Assigned task: The expected answer is a single number, namely how many lines in the data below hold the word "stroke".

========================================================================

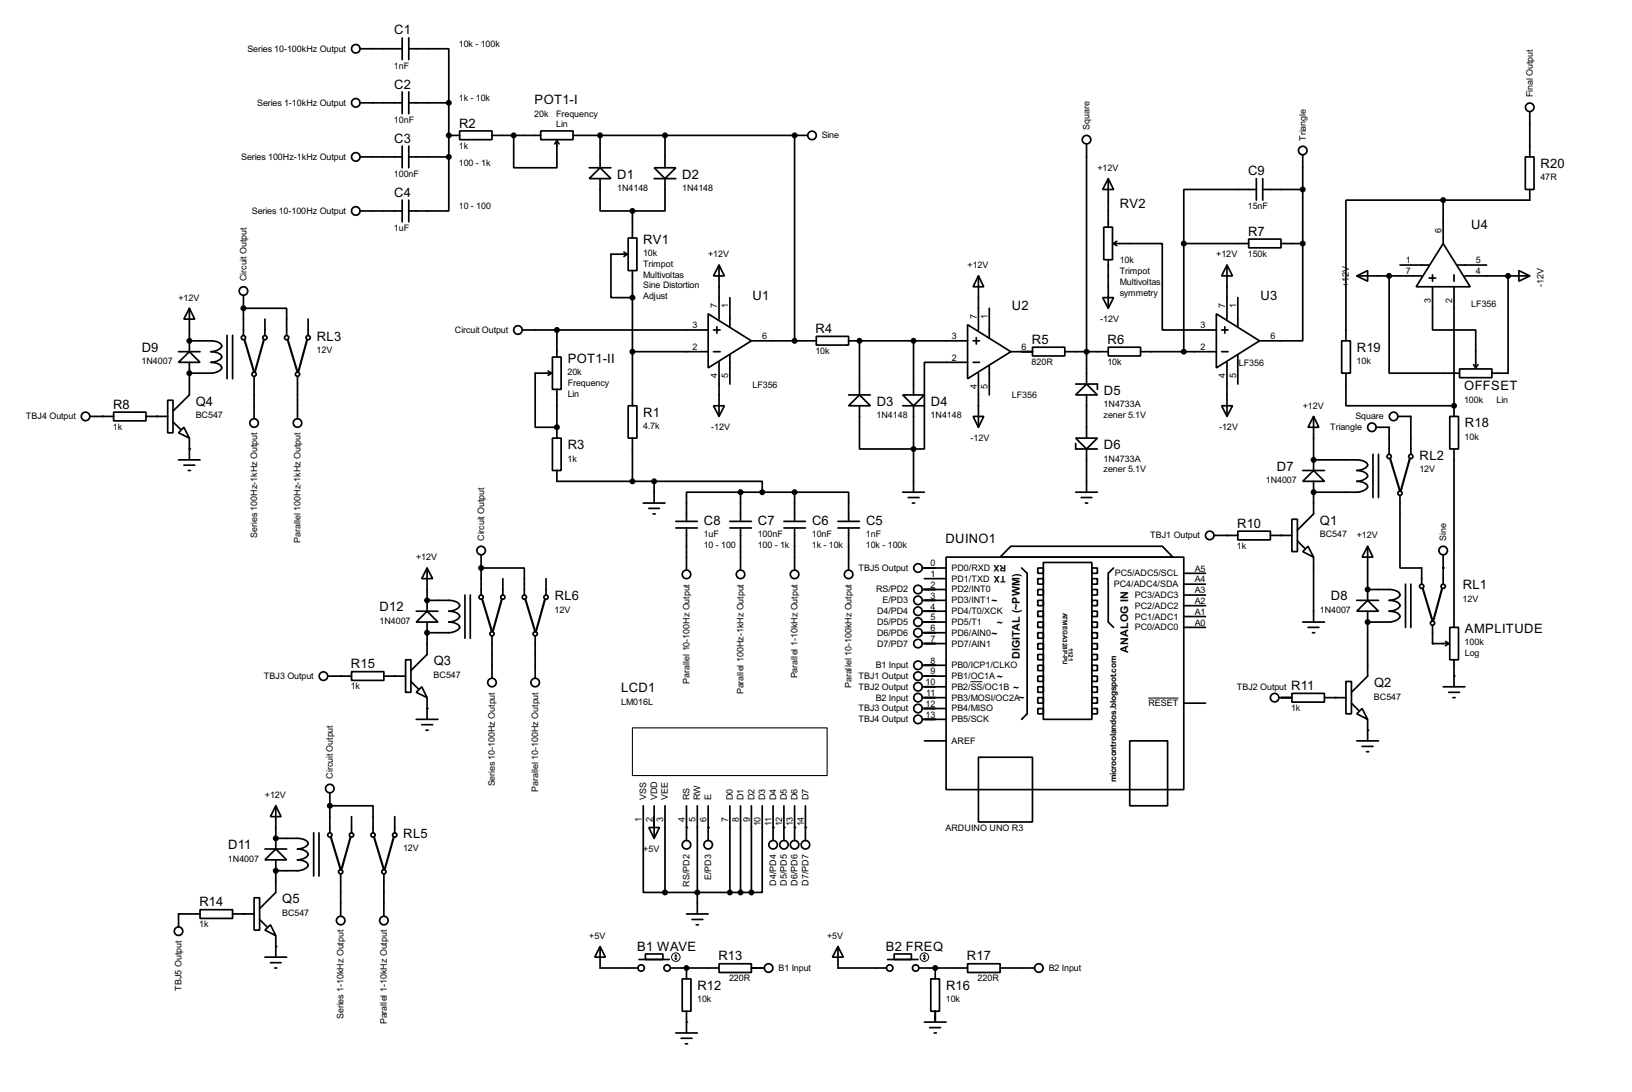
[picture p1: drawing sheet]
<svg xmlns="http://www.w3.org/2000/svg" width="383mm" height="256mm" viewBox="0 0 383 256" stroke-linecap="round" stroke-linejoin="round" font-family="sans-serif">
<g fill="none" stroke="#000" stroke-width=".4">
<path d="M84.6 11.5h9.9M94.5 8.9v5.1M96.1 11.5h9.4v12.7M96.1 8.9v5.1M84.6 24.2h9.9M84.6 36.9h9.9M94.5 21.6v5.1M94.5 34.3v5.1M96.1 24.2h9.4M96.1 36.9h9.4M96.1 21.6v5.1M96.1 34.3v5.1"/>
<path d="M105.5 36.9v12.7h-9.4M105.5 31.8h2.5M105.5 24.2v12.7M108 30.8h7.6v2h-7.6zM115.6 31.8h11.5M120.7 31.8v7.6h10.2v-6.3M127.1 30.8h7.6v2h-7.6zM130.9 33.1l.5 .7M130.9 33.1l-.5 .7M134.7 31.8h55.1M138.5 39.4h5.1M141 39.4l2.6 2.6h-5.1z"/>
<path d="M141 31.8v7.6M153.7 39.4h5.1l-2.5 2.6zM156.3 31.8v7.6M186.7 31.8v48.3M255.3 33.8v56.4M306.1 36.4v20.8M358.4 36.9h2.1v7.6h-2.1zM359.5 26.2v10.7M84.6 49.6h9.9M94.5 47v5.1M96.1 47v5.1M141 42v7.6h7.6"/>
<path d="M146.6 59.2l.8 .5M147.4 59.7h-3.8v10.2h5M147.4 59.7l-.8 .6M147.6 55.9h2.1v7.7h-2.1zM148.6 49.6v6.3M153.7 42h5.1M156.3 42v7.6h-7.7M259.4 53.4h2v7.6h-2zM260.4 42l1.3 2.5h-2.6zM260.4 42v11.4M261.7 57.2h11.4v20.3h12.7M261.7 57.2l.7 .5"/>
<path d="M262.4 56.7l-.7 .5M278.2 57.2h15.2M278.2 57.2v25.4M293.4 56.2h7.6v2h-7.6zM295.2 44.5h-17v12.7M295.2 42v5M296.7 44.5h9.4M296.7 42v5M301 57.2h5.1M306.1 57.2v22.9h-10.1M339.1 57.2l6.4 10.2h-12.7zM339.1 47h-22.8v33.1"/>
<path d="M339.1 47v10.2M359.5 44.5v2.5h-20.4M44.5 72.4l1.3 2.6h-2.6zM44.5 72.4v10.2M53.4 78.8v10.2M54.7 78.8v10.2M57.2 72.4h10.2v6.4M57.2 69.4v9.4M62.3 75v3.8M72.4 75v3.8M122.7 77.5h43.7M130.9 77.5v6.4"/>
<path d="M148.6 63.6v31.7M166.4 73.7l10.2 6.4-10.2 6.3zM167.7 77.5h1.5M168.5 76.8v1.5M169 62.3l1.2 2.5h-2.5zM169 62.3v12.7M171.5 69.9v6.9M191.8 79h7.6v2.1h-7.6zM227.4 76.3l10.1 6.3-10.1 6.4zM229.4 79.3v1.5M229.9 64.8l1.3 2.6h-2.5zM229.9 64.8v12.7"/>
<path d="M232.5 72.4v6.9M259.1 69.9h2.6l-1.3 2.5zM260.4 61v11.4M285.8 73.7l10.2 6.4-10.2 6.3zM287.1 77.5h1.5M287.8 76.8v1.5M288.3 62.3l1.3 2.5h-2.5zM288.3 62.3v12.7M290.9 69.9v6.9M318.8 64.8l2.6-1.2v2.5zM318.8 64.8h15.3M326.4 64.8v22.9h16.6"/>
<path d="M329 62.3h6.8M335.8 65.3h1.6M336.6 67.4v10.1h10.2v8.9M336.6 64.6v1.5M341.7 64.6v1.5M341.7 67.4v30.4M342.4 62.3h6.9M344.2 64.8h15.3M354.4 64.8v22.9h-3.8M356.9 63.6l2.6 1.2-2.6 1.3zM21.1 97.8h5.6M26.7 96.8h7.6v2.1h-7.6z"/>
<path d="M34.3 97.8h5.1M39.4 94h1.3v7.7h-1.3zM40.7 99.1l1.8 1.8M42 85.1l2.5-2.5 2.5 2.5zM42 82.6h5M44.5 80.1h5.7a2.03 2.03 0 0 1 1.9 1.2 2.7 2.7 0 0 1-2.5 1.3h.6a2.03 2.03 0 0 1 1.9 1.3 2.68 2.68 0 0 1-2.5 1.2 2.33 2.33 0 0 1 2.5 1.3 2.68 2.68 0 0 1-2.5 1.3h-5.1M44.5 85.1v7.7l-3.8 3.8M59.7 88.4v10M69.9 88.4v10M128.8 87.2l.8 .5M129.6 87.7h-3.8v12.7h5.1M129.6 87.7l-.8 .5"/>
<path d="M129.8 83.9h2.1v7.6h-2.1zM130.9 91.5v11.4M147.6 95.3h2.1v7.6h-2.1zM148.6 82.6h17.8M167.7 95.3h2.5l-1.2 2.5zM167.7 82.6h1.5M169 85.1v12.7M171.5 83.4v6.8M176.6 80.1h15.2M199.4 80.1h28M199.4 92.8h5.1M202 92.8l2.5 2.5h-5.1z"/>
<path d="M202 80.1v12.7M212.1 92.8h5.1l-2.5 2.5zM212.1 95.3h5.1M214.7 80.1v12.7M214.7 95.3v20.3M227.4 85.1h-10.2v20.4h-15.2v-10.2M228.7 97.8h2.5l-1.3 2.6zM228.7 80.1h1.5M228.7 85.1h1.5M229.9 87.7v12.7M232.5 85.9v6.9M237.5 82.6h5.1"/>
<path d="M242.6 81.6h7.6v2h-7.6zM250.2 82.6h10.2M252.8 90.2h5.1v1.3M255.3 90.2l2.6 2.6h-5.1zM255.3 92.8v10.1M260.4 81.6h7.6v2h-7.6zM268 82.6h17.8M287.1 95.3h2.5l-1.3 2.5zM287.1 82.6h1.5M288.3 85.1v12.7M290.9 83.4v6.8M308.7 97.8l1.2 2.6h-2.5z"/>
<path d="M308.7 97.8v12.7M315.3 80.1h2v7.6h-2zM316.3 87.7v7.6h25.4M328.5 97.8h3v8.9M340.7 97.8h2v7.7h-2zM343 86.7h7.6v2h-7.6zM346.3 85.7l.5 .7M347.3 85.7l-.5 .7M42 108h5M43.2 100.4l1.3 2.5-2.5-1.2zM43.2 109.3h2.6M44.3 110.5h.5"/>
<path d="M44.5 102.9v5.1M129.8 102.9h2.1v7.6h-2.1zM130.9 110.5v2.6h22.8M148.6 102.9v10.2M151.2 118.2h5.1M152.5 119.4h2.5M153.7 113.1h25.4v2.5M153.7 113.1v5.1M174 115.6h-12.7v6.9M174 115.6v6.9M174 115.6h12.7M186.7 115.6h12.7v6.9"/>
<path d="M186.7 115.6v6.9M212.1 115.6h5.1M213.4 116.9h2.6M214.4 118.2h.5M252.8 102.9h5.1l-2.6 2.6zM252.8 115.6h5.1M252.8 104.2v1.3h5.1M254.1 116.9h2.5M255.1 118.2h.5M255.3 105.5v10.1M306.1 110.5h5.1M308.7 110.5l2.5 2.6h-5.1z"/>
<path d="M308.7 108h10.7a2.08 2.08 0 0 1 2 1.3 2.75 2.75 0 0 1-2.6 1.2 2.37 2.37 0 0 1 2.6 1.3 2.75 2.75 0 0 1-2.6 1.3h.6a2.04 2.04 0 0 1 2 1.3 2.75 2.75 0 0 1-2.6 1.2h-10.1M308.7 113.1v7.6l-3.8 3.8M322.6 106.7v10.2M323.4 100.4h3v6.3M323.9 106.7v10.2M329 116.4v17h5.1v3.8M341.7 105.5v41.9M100.4 133.4l1.3 2.5h-2.6zM100.4 133.4v10.2M109.3 139.8v10.1M110.5 139.8v10.1M113.1 133.4h10.1v6.4"/>
<path d="M113.1 130.4v9.4M118.2 135.9v3.9M128.3 135.9v3.9M153.5 120.7h.5M158.8 122.5h5.1M158.8 124h5.1M161.3 124v9.9M171.5 122.5h5.1M171.5 124h5.1M174 124v9.9M184.2 122.5h5.1M184.2 124h5.1"/>
<path d="M186.7 124v9.9M196.9 122.5h5.1M196.9 124h5.1M199.4 124v9.9M216.7 138.5h5.6M216.7 133.4h5.6M217.2 135.9h5.1M222.3 130.9h55.9v54.6h-55.9zM237.5 128.3h35.6l2.5 2.6h-40.6zM240.1 133.4l1.3 1.3v33l-1.3 1.3M243.9 138.5h1.3v1.3h-1.3zM243.9 135.9h1.3v1.3h-1.3z"/>
<path d="M243.9 133.4h1.3v1.3h-1.3zM245.2 132.1h11.4v36.9h-11.4zM256.6 138.5h1.3v1.3h-1.3zM256.6 135.9h1.3v1.3h-1.3zM256.6 133.4h1.3v1.3h-1.3zM261.7 133.4l-1.3 1.3v11.4l1.3 1.3M278.2 134.7h5.1M278.2 137.2h5.1M278.2 139.8h5.1M285.3 125.8h5.6M290.9 124.8h7.6v2h-7.6zM298.5 125.8h5.1"/>
<path d="M303.6 122h1.3v7.6h-1.3zM304.9 127.1l1.7 1.7M307.4 128.3l1.3 2.6-2.6-1.3zM308.7 130.9v15.2M321.4 128.3l1.2 2.6h-2.5zM321.4 138.5h5a2.27 2.27 0 0 1 2.6 1.3 2.68 2.68 0 0 1-2.6 1.2h.6a2.03 2.03 0 0 1 2 1.3 2.61 2.61 0 0 1-2.6 1.3h.6a2.03 2.03 0 0 1 2 1.2 2.7 2.7 0 0 1-2.6 1.3h-5M321.4 128.3v12.7M330.3 137.2v10.2M331.5 137.2v10.2M339.1 130.4v6.8M77 158.8h5.6M82.6 157.8h7.6v2h-7.6z"/>
<path d="M90.2 158.8h5.1M95.3 155h1.3v7.6h-1.3zM97.8 143.6h5.1M100.4 143.6l2.5 2.5h-5.1zM100.4 141h5.7a2.08 2.08 0 0 1 1.9 1.3 2.67 2.67 0 0 1-2.5 1.3h.6a2.08 2.08 0 0 1 1.9 1.2 2.76 2.76 0 0 1-2.5 1.3h.6a2.08 2.08 0 0 1 1.9 1.3 2.75 2.75 0 0 1-2.5 1.2h-5.1M100.4 146.1v7.6l-3.8 3.8M115.6 149.4v9.9M125.8 149.4v9.9M216.7 146.1h5.6M216.7 141h5.6M216.7 143.6h5.6M216.7 148.6h5.6"/>
<path d="M216.7 151.2h5.6M216.7 156.3h5.6M216.7 158.8h5.6M243.9 158.8h1.3v1.3h-1.3zM243.9 156.3h1.3v1.2h-1.3zM243.9 153.7h1.3v1.3h-1.3zM243.9 151.2h1.3v1.3h-1.3zM243.9 148.6h1.3v1.3h-1.3zM243.9 146.1h1.3v1.3h-1.3zM243.9 143.6h1.3v1.2h-1.3zM243.9 141h1.3v1.3h-1.3zM256.6 158.8h1.3v1.3h-1.3z"/>
<path d="M256.6 156.3h1.3v1.2h-1.3zM256.6 153.7h1.3v1.3h-1.3zM256.6 151.2h1.3v1.3h-1.3zM256.6 148.6h1.3v1.3h-1.3zM256.6 146.1h1.3v1.3h-1.3zM256.6 143.6h1.3v1.2h-1.3zM256.6 141h1.3v1.3h-1.3zM278.2 147.4h5.1M278.2 142.3h5.1M278.2 144.8h5.1M306.1 146.1h5.1M307.4 147.4h2.5"/>
<path d="M308.4 148.6h.5M318.8 141h5.1M321.4 141l2.5 2.6h-5.1zM321.4 143.6v15.2l-3.8 3.8M336.6 146.9v4.3h3.8M339.7 150.7l.7 .5M340.4 151.2l-.7 .5M340.7 147.4h2v7.6h-2zM341.7 155v6.3M96.6 160.1l1.8 1.8M97.8 162.6l1.3-1.3 1.3 2.6zM97.8 169h5.1"/>
<path d="M99.1 170.2h2.6M100.1 171.5h.5M100.4 163.9v5.1M216.7 163.9h5.6M216.7 161.3h5.6M216.7 166.4h5.6M216.7 169h5.6M217.2 174h5.1M229.9 177.9h12.7v15.2h-12.7zM243.9 166.4h1.3v1.3h-1.3zM243.9 163.9h1.3v1.3h-1.3zM243.9 161.3h1.3v1.3h-1.3z"/>
<path d="M256.6 166.4h1.3v1.3h-1.3zM256.6 163.9h1.3v1.3h-1.3zM256.6 161.3h1.3v1.3h-1.3zM265.5 174h8.9v15.3h-8.9zM278.2 165.2h5.1M300.5 163.9h3.1M303.6 162.9h7.6v2h-7.6zM311.2 163.9h5.1M316.3 160.1h1.3v7.6h-1.3zM317.6 165.2l1.7 1.7M318.8 174h5.1M320.1 166.4l1.3 2.6-2.6-1.3z"/>
<path d="M320.1 175.3h2.5M321.1 176.6h.5M321.4 169v5M339.1 161.3h5.1M340.4 162.6h2.6M341.4 163.9h.5M62.3 199.4h5.1M64.8 199.4l2.6 2.6h-5.1zM64.8 189.3l1.3 2.5h-2.5zM64.8 196.9h5.7a2.01 2.01 0 0 1 1.9 1.3 2.65 2.65 0 0 1-2.5 1.2 2.29 2.29 0 0 1 2.5 1.3 2.65 2.65 0 0 1-2.5 1.3 2.24 2.24 0 0 1 2.5 1.3 2.65 2.65 0 0 1-2.5 1.2h-5.1M64.8 189.3v10.1M73.7 195.6v10.2"/>
<path d="M75 195.6v10.2M77.5 189.3h10.2v6.3M77.5 186.2v9.4M82.6 191.8v3.8M92.8 191.8v3.8M151.2 189.3v20.3h5.1M152.5 194.4h2.5l-1.3 2.5zM153.7 189.3v7.6M156.3 189.3v20.3M161.3 189.3v8.1M163.9 189.3v25.4M166.4 189.3v8.1"/>
<path d="M171.5 189.3v20.3M174 189.3v20.3M176.6 189.3v20.3M179.1 189.3v20.3h-2.5M181.7 189.3v8.1M184.2 189.3v8.1M186.7 189.3v8.1M189.3 189.3v8.1M47 213.7h7.7v2h-7.7zM47 214.7h-5v3M54.7 214.7h5M59.7 210.9h1.3v7.6h-1.3z"/>
<path d="M61 216l1.8 1.7M62.3 218.5l1.3-1.3 1.2 2.6zM64.8 202v7.6l-3.8 3.8M64.8 219.8v5M80.1 205.3v9.9M90.2 205.3v9.9M156.3 209.6h20.3M161.3 214.7h5.1M162.6 216h2.6M163.6 217.2h.5M62.3 224.8h5.1M63.6 226.1h2.5"/>
<path d="M64.6 227.4h.5M141 222.3l1.3 2.5h-2.5zM141 222.3v5.1h8.9M150.2 225.4h7.1M151.7 224.1h4.1v1.3h-4.1zM157.5 227.4h11.5M160.3 229.9h2.1v7.6h-2.1zM161.3 227.4v2.5M161.3 237.5v5.1M169 226.4h7.6v2h-7.6zM176.6 227.4h3M196.9 222.3l1.3 2.5h-2.6z"/>
<path d="M196.9 222.3v5.1h11.4M208.6 225.4h7.1M210.1 224.1h4.1v1.3h-4.1zM216 227.4h11.4M218.7 229.9h2.1v7.6h-2.1zM219.8 227.4v2.5M219.8 237.5v2.6M227.4 226.4h7.6v2h-7.6zM235 227.4h8.1M158.8 242.6h5.1M160.1 243.9h2.5M161.1 245.2h.5"/>
<path d="M217.2 240.1h5.1M218.5 241.4h2.5M219.5 242.6h.5"/>
<circle cx="83.6" cy="11.5" r="1"/>
<circle cx="83.6" cy="36.9" r="1"/>
<circle cx="83.6" cy="24.2" r="1"/>
<circle cx="190.8" cy="31.8" r="1"/>
<circle cx="255.3" cy="32.8" r="1"/>
<circle cx="306.1" cy="35.4" r="1"/>
<circle cx="359.4" cy="25.2" r="1"/>
<circle cx="83.6" cy="49.6" r="1"/>
<circle cx="57.2" cy="68.4" r="1"/>
<circle cx="57.2" cy="79.3" r=".5"/>
<circle cx="62.2" cy="79.3" r=".5"/>
<circle cx="67.3" cy="79.3" r=".5"/>
<circle cx="72.4" cy="79.3" r=".5"/>
<circle cx="121.7" cy="77.5" r="1"/>
<circle cx="20.1" cy="97.8" r="1"/>
<circle cx="59.7" cy="99.4" r="1"/>
<circle cx="59.7" cy="87.9" r=".5"/>
<circle cx="69.9" cy="99.4" r="1"/>
<circle cx="69.9" cy="87.9" r=".5"/>
<circle cx="327.4" cy="97.8" r="1"/>
<circle cx="322.3" cy="100.4" r="1"/>
<circle cx="326.4" cy="107.2" r=".5"/>
<circle cx="328.9" cy="115.9" r=".5"/>
<circle cx="331.5" cy="107.2" r=".5"/>
<circle cx="113" cy="129.3" r="1"/>
<circle cx="161.3" cy="134.9" r="1"/>
<circle cx="174" cy="134.9" r="1"/>
<circle cx="186.7" cy="134.9" r="1"/>
<circle cx="199.4" cy="134.9" r="1"/>
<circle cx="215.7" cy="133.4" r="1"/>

========================================================================

Expected output: 2